[DATA IN THIS EXERCISE — start]
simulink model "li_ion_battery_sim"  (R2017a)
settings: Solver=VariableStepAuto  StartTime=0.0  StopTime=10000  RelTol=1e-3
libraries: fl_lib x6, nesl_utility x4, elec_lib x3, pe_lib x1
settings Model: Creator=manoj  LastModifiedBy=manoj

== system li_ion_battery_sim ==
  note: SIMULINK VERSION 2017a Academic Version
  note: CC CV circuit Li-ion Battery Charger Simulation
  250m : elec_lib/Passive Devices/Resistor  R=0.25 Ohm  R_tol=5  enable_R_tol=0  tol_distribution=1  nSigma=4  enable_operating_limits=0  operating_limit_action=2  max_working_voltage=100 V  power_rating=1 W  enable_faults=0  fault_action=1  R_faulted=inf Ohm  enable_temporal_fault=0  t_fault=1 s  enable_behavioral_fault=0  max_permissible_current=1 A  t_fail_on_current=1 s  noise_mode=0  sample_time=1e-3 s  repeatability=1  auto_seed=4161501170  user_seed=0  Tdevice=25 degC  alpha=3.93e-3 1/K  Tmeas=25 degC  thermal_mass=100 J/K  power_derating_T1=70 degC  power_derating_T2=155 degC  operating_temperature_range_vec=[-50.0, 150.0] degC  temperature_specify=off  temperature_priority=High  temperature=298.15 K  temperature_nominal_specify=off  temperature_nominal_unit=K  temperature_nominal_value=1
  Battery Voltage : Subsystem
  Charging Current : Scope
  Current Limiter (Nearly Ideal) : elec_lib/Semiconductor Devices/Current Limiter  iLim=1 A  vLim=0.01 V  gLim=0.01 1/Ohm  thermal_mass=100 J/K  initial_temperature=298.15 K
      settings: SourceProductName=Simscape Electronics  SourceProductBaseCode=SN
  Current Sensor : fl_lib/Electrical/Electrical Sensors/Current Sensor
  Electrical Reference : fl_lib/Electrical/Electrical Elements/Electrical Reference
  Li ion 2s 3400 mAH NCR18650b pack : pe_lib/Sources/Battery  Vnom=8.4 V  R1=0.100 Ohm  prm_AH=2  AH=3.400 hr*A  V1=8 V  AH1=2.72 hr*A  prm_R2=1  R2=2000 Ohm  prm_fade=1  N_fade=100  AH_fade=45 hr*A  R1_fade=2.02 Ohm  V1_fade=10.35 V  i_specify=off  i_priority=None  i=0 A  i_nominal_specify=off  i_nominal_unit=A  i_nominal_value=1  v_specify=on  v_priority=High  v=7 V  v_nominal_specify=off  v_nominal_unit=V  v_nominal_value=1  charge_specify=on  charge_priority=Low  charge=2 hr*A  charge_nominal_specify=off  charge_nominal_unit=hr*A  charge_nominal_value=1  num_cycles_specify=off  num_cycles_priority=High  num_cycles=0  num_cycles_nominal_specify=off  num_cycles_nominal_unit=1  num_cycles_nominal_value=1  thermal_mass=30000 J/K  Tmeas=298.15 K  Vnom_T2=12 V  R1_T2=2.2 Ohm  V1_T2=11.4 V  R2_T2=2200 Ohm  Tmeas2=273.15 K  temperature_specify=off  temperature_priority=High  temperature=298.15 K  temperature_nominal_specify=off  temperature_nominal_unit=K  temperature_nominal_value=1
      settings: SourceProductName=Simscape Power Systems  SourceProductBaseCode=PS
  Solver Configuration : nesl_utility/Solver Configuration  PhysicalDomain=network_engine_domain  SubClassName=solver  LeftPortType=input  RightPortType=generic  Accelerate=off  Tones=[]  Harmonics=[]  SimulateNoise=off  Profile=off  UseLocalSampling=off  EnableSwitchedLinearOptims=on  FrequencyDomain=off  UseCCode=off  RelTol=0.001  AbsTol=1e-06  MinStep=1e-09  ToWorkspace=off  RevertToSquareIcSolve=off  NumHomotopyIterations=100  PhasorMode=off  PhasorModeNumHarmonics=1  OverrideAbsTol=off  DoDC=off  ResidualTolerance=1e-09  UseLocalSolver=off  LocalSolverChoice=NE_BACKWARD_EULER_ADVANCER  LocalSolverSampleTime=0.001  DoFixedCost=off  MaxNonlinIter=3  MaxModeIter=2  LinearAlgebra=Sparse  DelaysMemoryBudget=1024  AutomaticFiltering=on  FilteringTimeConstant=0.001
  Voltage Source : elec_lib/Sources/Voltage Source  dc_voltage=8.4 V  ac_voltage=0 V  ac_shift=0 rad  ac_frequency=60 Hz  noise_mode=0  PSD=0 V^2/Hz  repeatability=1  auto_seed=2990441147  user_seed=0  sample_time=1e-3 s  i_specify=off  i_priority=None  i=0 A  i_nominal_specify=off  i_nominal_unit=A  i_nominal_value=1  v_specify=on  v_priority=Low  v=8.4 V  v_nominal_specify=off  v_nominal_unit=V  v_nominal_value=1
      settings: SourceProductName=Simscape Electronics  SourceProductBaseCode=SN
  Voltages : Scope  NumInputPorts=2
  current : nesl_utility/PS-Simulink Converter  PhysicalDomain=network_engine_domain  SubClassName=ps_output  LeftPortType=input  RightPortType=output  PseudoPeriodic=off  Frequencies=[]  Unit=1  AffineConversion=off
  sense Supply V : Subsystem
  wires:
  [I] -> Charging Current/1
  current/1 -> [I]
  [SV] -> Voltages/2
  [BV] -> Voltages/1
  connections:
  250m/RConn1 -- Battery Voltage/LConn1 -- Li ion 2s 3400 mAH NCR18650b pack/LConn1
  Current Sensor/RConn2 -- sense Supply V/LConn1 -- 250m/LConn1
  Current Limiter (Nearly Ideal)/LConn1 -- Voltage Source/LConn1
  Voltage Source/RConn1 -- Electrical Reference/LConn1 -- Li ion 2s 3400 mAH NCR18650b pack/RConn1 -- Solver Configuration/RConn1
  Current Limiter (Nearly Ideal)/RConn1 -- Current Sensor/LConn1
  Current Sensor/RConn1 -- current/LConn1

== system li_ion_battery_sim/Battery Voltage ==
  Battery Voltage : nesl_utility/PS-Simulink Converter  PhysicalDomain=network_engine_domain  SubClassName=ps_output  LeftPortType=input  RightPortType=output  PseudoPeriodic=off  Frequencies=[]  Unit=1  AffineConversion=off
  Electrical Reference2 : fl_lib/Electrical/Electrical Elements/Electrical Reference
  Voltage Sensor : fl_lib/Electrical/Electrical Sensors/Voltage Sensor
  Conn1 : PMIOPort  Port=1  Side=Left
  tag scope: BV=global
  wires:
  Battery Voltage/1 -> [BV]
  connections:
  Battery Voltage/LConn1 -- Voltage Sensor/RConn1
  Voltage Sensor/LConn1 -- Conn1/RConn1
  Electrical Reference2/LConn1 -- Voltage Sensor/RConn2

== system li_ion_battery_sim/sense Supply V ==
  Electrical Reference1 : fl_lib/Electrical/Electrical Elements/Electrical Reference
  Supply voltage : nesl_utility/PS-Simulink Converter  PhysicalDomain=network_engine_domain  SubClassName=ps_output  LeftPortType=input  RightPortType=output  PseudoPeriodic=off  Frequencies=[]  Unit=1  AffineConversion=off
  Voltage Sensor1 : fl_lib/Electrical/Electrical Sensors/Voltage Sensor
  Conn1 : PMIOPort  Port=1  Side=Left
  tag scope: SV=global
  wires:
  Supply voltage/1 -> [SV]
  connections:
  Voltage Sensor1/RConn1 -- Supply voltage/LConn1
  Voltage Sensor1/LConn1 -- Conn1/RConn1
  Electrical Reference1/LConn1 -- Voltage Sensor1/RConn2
[DATA IN THIS EXERCISE — finish]
*TASK TO COMPLETE*
The answer should be all lines from the entries above that hold the word "Electrical".

*YOUR SOLUTION*
  Current Sensor : fl_lib/Electrical/Electrical Sensors/Current Sensor
  Electrical Reference : fl_lib/Electrical/Electrical Elements/Electrical Reference
  Voltage Source/RConn1 -- Electrical Reference/LConn1 -- Li ion 2s 3400 mAH NCR18650b pack/RConn1 -- Solver Configuration/RConn1
  Electrical Reference2 : fl_lib/Electrical/Electrical Elements/Electrical Reference
  Voltage Sensor : fl_lib/Electrical/Electrical Sensors/Voltage Sensor
  Electrical Reference2/LConn1 -- Voltage Sensor/RConn2
  Electrical Reference1 : fl_lib/Electrical/Electrical Elements/Electrical Reference
  Voltage Sensor1 : fl_lib/Electrical/Electrical Sensors/Voltage Sensor
  Electrical Reference1/LConn1 -- Voltage Sensor1/RConn2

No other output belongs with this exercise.